** PROBLEM TO WORK ON **
Word for word, copy all the data and drop the pictures.

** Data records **

>>>>

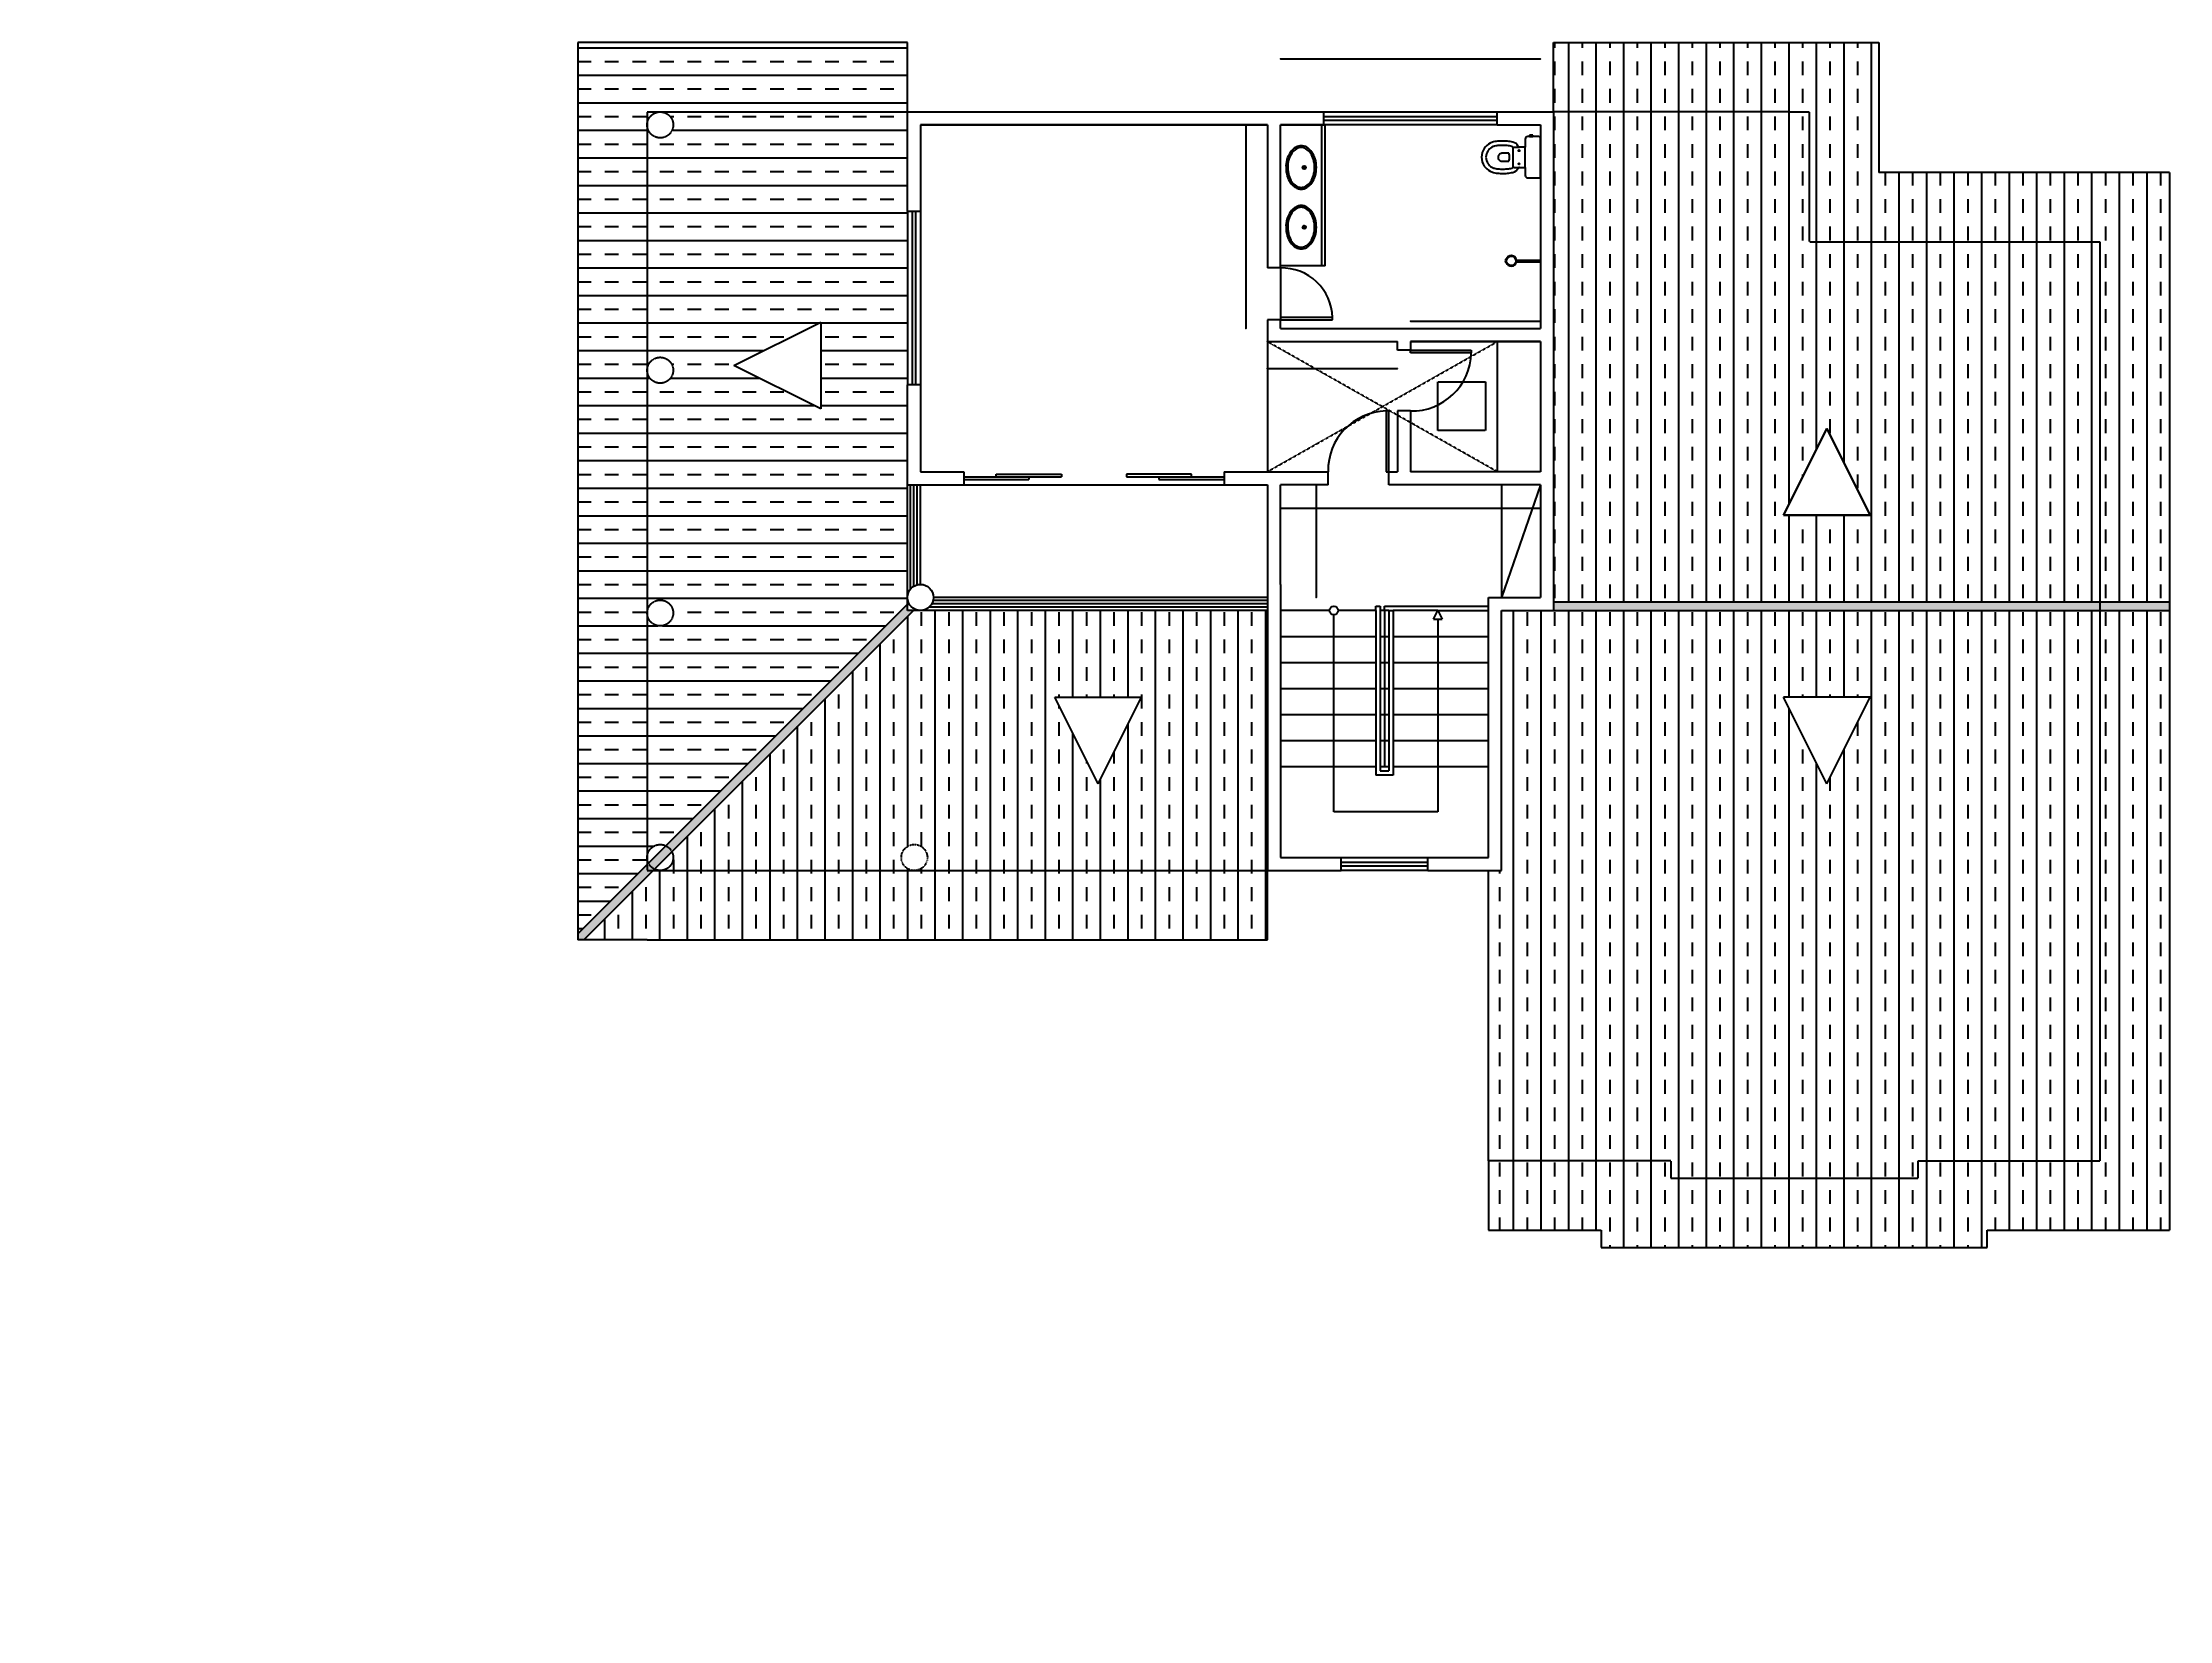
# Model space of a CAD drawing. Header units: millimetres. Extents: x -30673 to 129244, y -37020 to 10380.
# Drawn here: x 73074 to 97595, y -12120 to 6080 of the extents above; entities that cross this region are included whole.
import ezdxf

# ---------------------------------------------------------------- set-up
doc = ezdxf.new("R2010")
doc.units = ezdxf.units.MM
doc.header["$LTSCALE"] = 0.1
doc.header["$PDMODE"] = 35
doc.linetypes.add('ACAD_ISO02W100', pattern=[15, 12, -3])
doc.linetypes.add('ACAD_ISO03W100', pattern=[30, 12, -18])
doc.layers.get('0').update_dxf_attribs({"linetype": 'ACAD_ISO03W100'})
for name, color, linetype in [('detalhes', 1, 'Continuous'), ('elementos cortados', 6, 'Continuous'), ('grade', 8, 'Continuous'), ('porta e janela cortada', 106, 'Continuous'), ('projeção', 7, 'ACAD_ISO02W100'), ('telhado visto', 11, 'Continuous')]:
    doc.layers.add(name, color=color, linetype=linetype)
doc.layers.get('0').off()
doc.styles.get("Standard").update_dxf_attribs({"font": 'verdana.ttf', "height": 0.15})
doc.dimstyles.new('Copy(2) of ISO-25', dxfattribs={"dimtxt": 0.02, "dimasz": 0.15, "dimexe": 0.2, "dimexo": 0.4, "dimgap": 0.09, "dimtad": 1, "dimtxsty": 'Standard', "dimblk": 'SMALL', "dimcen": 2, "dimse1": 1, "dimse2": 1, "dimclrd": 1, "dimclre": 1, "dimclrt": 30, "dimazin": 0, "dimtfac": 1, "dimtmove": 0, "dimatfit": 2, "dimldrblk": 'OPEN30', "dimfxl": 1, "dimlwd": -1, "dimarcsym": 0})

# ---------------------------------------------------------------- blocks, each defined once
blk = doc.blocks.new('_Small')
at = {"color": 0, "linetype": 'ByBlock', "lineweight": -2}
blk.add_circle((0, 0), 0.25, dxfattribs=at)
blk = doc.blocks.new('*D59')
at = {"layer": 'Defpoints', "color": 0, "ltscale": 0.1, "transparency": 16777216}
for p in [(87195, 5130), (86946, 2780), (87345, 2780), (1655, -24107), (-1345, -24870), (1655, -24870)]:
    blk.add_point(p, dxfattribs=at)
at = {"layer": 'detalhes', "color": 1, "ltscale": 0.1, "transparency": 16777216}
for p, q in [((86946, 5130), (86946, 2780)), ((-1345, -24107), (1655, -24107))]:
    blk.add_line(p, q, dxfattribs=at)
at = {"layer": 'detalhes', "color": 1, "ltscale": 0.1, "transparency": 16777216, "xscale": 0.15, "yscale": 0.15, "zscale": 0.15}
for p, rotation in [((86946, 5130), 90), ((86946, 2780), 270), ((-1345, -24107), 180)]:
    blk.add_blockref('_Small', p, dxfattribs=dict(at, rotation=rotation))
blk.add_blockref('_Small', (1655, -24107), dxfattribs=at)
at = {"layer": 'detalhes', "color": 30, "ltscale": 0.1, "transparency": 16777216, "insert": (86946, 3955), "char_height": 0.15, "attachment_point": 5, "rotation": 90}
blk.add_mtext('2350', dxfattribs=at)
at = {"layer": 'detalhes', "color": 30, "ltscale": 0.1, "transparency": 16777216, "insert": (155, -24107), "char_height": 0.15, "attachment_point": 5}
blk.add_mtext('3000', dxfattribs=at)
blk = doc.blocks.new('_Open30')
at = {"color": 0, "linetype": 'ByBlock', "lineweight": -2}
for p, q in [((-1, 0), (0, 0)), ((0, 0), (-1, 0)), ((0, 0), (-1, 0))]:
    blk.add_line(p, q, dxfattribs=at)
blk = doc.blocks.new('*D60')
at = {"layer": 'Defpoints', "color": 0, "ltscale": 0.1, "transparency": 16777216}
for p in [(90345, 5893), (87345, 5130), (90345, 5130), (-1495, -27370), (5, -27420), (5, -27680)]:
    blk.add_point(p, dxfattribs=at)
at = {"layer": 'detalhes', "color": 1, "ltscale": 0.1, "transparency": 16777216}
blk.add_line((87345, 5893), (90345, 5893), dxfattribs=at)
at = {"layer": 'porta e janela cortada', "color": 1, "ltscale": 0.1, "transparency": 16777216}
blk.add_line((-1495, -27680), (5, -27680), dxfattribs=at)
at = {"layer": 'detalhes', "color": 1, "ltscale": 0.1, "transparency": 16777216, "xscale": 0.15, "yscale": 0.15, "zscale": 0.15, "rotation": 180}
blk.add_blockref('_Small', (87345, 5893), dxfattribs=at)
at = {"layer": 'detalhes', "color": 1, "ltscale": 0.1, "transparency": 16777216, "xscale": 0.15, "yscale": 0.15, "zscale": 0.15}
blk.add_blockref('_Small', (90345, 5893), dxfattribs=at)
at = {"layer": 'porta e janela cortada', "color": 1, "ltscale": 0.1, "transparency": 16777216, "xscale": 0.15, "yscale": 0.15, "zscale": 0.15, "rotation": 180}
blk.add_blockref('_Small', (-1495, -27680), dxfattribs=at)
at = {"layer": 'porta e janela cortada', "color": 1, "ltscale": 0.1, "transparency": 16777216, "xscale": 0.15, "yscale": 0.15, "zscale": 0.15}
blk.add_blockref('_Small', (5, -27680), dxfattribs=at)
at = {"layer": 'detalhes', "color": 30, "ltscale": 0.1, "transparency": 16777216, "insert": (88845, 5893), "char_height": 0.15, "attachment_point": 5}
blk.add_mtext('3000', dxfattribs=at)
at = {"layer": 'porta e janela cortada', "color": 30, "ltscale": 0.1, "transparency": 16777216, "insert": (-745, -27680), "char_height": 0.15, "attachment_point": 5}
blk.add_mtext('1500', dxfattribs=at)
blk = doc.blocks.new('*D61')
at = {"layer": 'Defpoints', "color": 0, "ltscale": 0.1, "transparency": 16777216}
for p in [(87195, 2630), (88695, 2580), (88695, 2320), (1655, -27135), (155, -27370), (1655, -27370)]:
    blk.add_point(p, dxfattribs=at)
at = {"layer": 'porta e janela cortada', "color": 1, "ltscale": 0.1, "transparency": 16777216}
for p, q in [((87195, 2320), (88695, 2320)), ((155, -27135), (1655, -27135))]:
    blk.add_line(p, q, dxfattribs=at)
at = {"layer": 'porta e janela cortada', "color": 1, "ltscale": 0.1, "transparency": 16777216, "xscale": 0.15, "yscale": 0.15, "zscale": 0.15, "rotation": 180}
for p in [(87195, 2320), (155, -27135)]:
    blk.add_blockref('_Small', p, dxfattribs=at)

<<<<

** YOUR RESPONSE **
# Model space of a CAD drawing. Header units: millimetres. Extents: x -30673 to 129244, y -37020 to 10380.
# Drawn here: x 73074 to 97595, y -12120 to 6080 of the extents above; entities that cross this region are included whole.
import ezdxf

# ---------------------------------------------------------------- set-up
doc = ezdxf.new("R2010")
doc.units = ezdxf.units.MM
doc.header["$LTSCALE"] = 0.1
doc.header["$PDMODE"] = 35
doc.linetypes.add('ACAD_ISO02W100', pattern=[15, 12, -3])
doc.linetypes.add('ACAD_ISO03W100', pattern=[30, 12, -18])
doc.layers.get('0').update_dxf_attribs({"linetype": 'ACAD_ISO03W100'})
for name, color, linetype in [('detalhes', 1, 'Continuous'), ('elementos cortados', 6, 'Continuous'), ('grade', 8, 'Continuous'), ('porta e janela cortada', 106, 'Continuous'), ('projeção', 7, 'ACAD_ISO02W100'), ('telhado visto', 11, 'Continuous')]:
    doc.layers.add(name, color=color, linetype=linetype)
doc.layers.get('0').off()
doc.styles.get("Standard").update_dxf_attribs({"font": 'verdana.ttf', "height": 0.15})
doc.dimstyles.new('Copy(2) of ISO-25', dxfattribs={"dimtxt": 0.02, "dimasz": 0.15, "dimexe": 0.2, "dimexo": 0.4, "dimgap": 0.09, "dimtad": 1, "dimtxsty": 'Standard', "dimblk": 'SMALL', "dimcen": 2, "dimse1": 1, "dimse2": 1, "dimclrd": 1, "dimclre": 1, "dimclrt": 30, "dimazin": 0, "dimtfac": 1, "dimtmove": 0, "dimatfit": 2, "dimldrblk": 'OPEN30', "dimfxl": 1, "dimlwd": -1, "dimarcsym": 0})

# ---------------------------------------------------------------- blocks, each defined once
blk = doc.blocks.new('_Small')
at = {"color": 0, "linetype": 'ByBlock', "lineweight": -2}
blk.add_circle((0, 0), 0.25, dxfattribs=at)
blk = doc.blocks.new('*D59')
at = {"layer": 'Defpoints', "color": 0, "ltscale": 0.1, "transparency": 16777216}
for p in [(87195, 5130), (86946, 2780), (87345, 2780), (1655, -24107), (-1345, -24870), (1655, -24870)]:
    blk.add_point(p, dxfattribs=at)
at = {"layer": 'detalhes', "color": 1, "ltscale": 0.1, "transparency": 16777216}
for p, q in [((86946, 5130), (86946, 2780)), ((-1345, -24107), (1655, -24107))]:
    blk.add_line(p, q, dxfattribs=at)
at = {"layer": 'detalhes', "color": 1, "ltscale": 0.1, "transparency": 16777216, "xscale": 0.15, "yscale": 0.15, "zscale": 0.15}
for p, rotation in [((86946, 5130), 90), ((86946, 2780), 270), ((-1345, -24107), 180)]:
    blk.add_blockref('_Small', p, dxfattribs=dict(at, rotation=rotation))
blk.add_blockref('_Small', (1655, -24107), dxfattribs=at)
at = {"layer": 'detalhes', "color": 30, "ltscale": 0.1, "transparency": 16777216, "insert": (86946, 3955), "char_height": 0.15, "attachment_point": 5, "rotation": 90}
blk.add_mtext('2350', dxfattribs=at)
at = {"layer": 'detalhes', "color": 30, "ltscale": 0.1, "transparency": 16777216, "insert": (155, -24107), "char_height": 0.15, "attachment_point": 5}
blk.add_mtext('3000', dxfattribs=at)
blk = doc.blocks.new('_Open30')
at = {"color": 0, "linetype": 'ByBlock', "lineweight": -2}
for p, q in [((-1, 0), (0, 0)), ((0, 0), (-1, 0)), ((0, 0), (-1, 0))]:
    blk.add_line(p, q, dxfattribs=at)
blk = doc.blocks.new('*D60')
at = {"layer": 'Defpoints', "color": 0, "ltscale": 0.1, "transparency": 16777216}
for p in [(90345, 5893), (87345, 5130), (90345, 5130), (-1495, -27370), (5, -27420), (5, -27680)]:
    blk.add_point(p, dxfattribs=at)
at = {"layer": 'detalhes', "color": 1, "ltscale": 0.1, "transparency": 16777216}
blk.add_line((87345, 5893), (90345, 5893), dxfattribs=at)
at = {"layer": 'porta e janela cortada', "color": 1, "ltscale": 0.1, "transparency": 16777216}
blk.add_line((-1495, -27680), (5, -27680), dxfattribs=at)
at = {"layer": 'detalhes', "color": 1, "ltscale": 0.1, "transparency": 16777216, "xscale": 0.15, "yscale": 0.15, "zscale": 0.15, "rotation": 180}
blk.add_blockref('_Small', (87345, 5893), dxfattribs=at)
at = {"layer": 'detalhes', "color": 1, "ltscale": 0.1, "transparency": 16777216, "xscale": 0.15, "yscale": 0.15, "zscale": 0.15}
blk.add_blockref('_Small', (90345, 5893), dxfattribs=at)
at = {"layer": 'porta e janela cortada', "color": 1, "ltscale": 0.1, "transparency": 16777216, "xscale": 0.15, "yscale": 0.15, "zscale": 0.15, "rotation": 180}
blk.add_blockref('_Small', (-1495, -27680), dxfattribs=at)
at = {"layer": 'porta e janela cortada', "color": 1, "ltscale": 0.1, "transparency": 16777216, "xscale": 0.15, "yscale": 0.15, "zscale": 0.15}
blk.add_blockref('_Small', (5, -27680), dxfattribs=at)
at = {"layer": 'detalhes', "color": 30, "ltscale": 0.1, "transparency": 16777216, "insert": (88845, 5893), "char_height": 0.15, "attachment_point": 5}
blk.add_mtext('3000', dxfattribs=at)
at = {"layer": 'porta e janela cortada', "color": 30, "ltscale": 0.1, "transparency": 16777216, "insert": (-745, -27680), "char_height": 0.15, "attachment_point": 5}
blk.add_mtext('1500', dxfattribs=at)
blk = doc.blocks.new('*D61')
at = {"layer": 'Defpoints', "color": 0, "ltscale": 0.1, "transparency": 16777216}
for p in [(87195, 2630), (88695, 2580), (88695, 2320), (1655, -27135), (155, -27370), (1655, -27370)]:
    blk.add_point(p, dxfattribs=at)
at = {"layer": 'porta e janela cortada', "color": 1, "ltscale": 0.1, "transparency": 16777216}
for p, q in [((87195, 2320), (88695, 2320)), ((155, -27135), (1655, -27135))]:
    blk.add_line(p, q, dxfattribs=at)
at = {"layer": 'porta e janela cortada', "color": 1, "ltscale": 0.1, "transparency": 16777216, "xscale": 0.15, "yscale": 0.15, "zscale": 0.15, "rotation": 180}
for p in [(87195, 2320), (155, -27135)]:
    blk.add_blockref('_Small', p, dxfattribs=at)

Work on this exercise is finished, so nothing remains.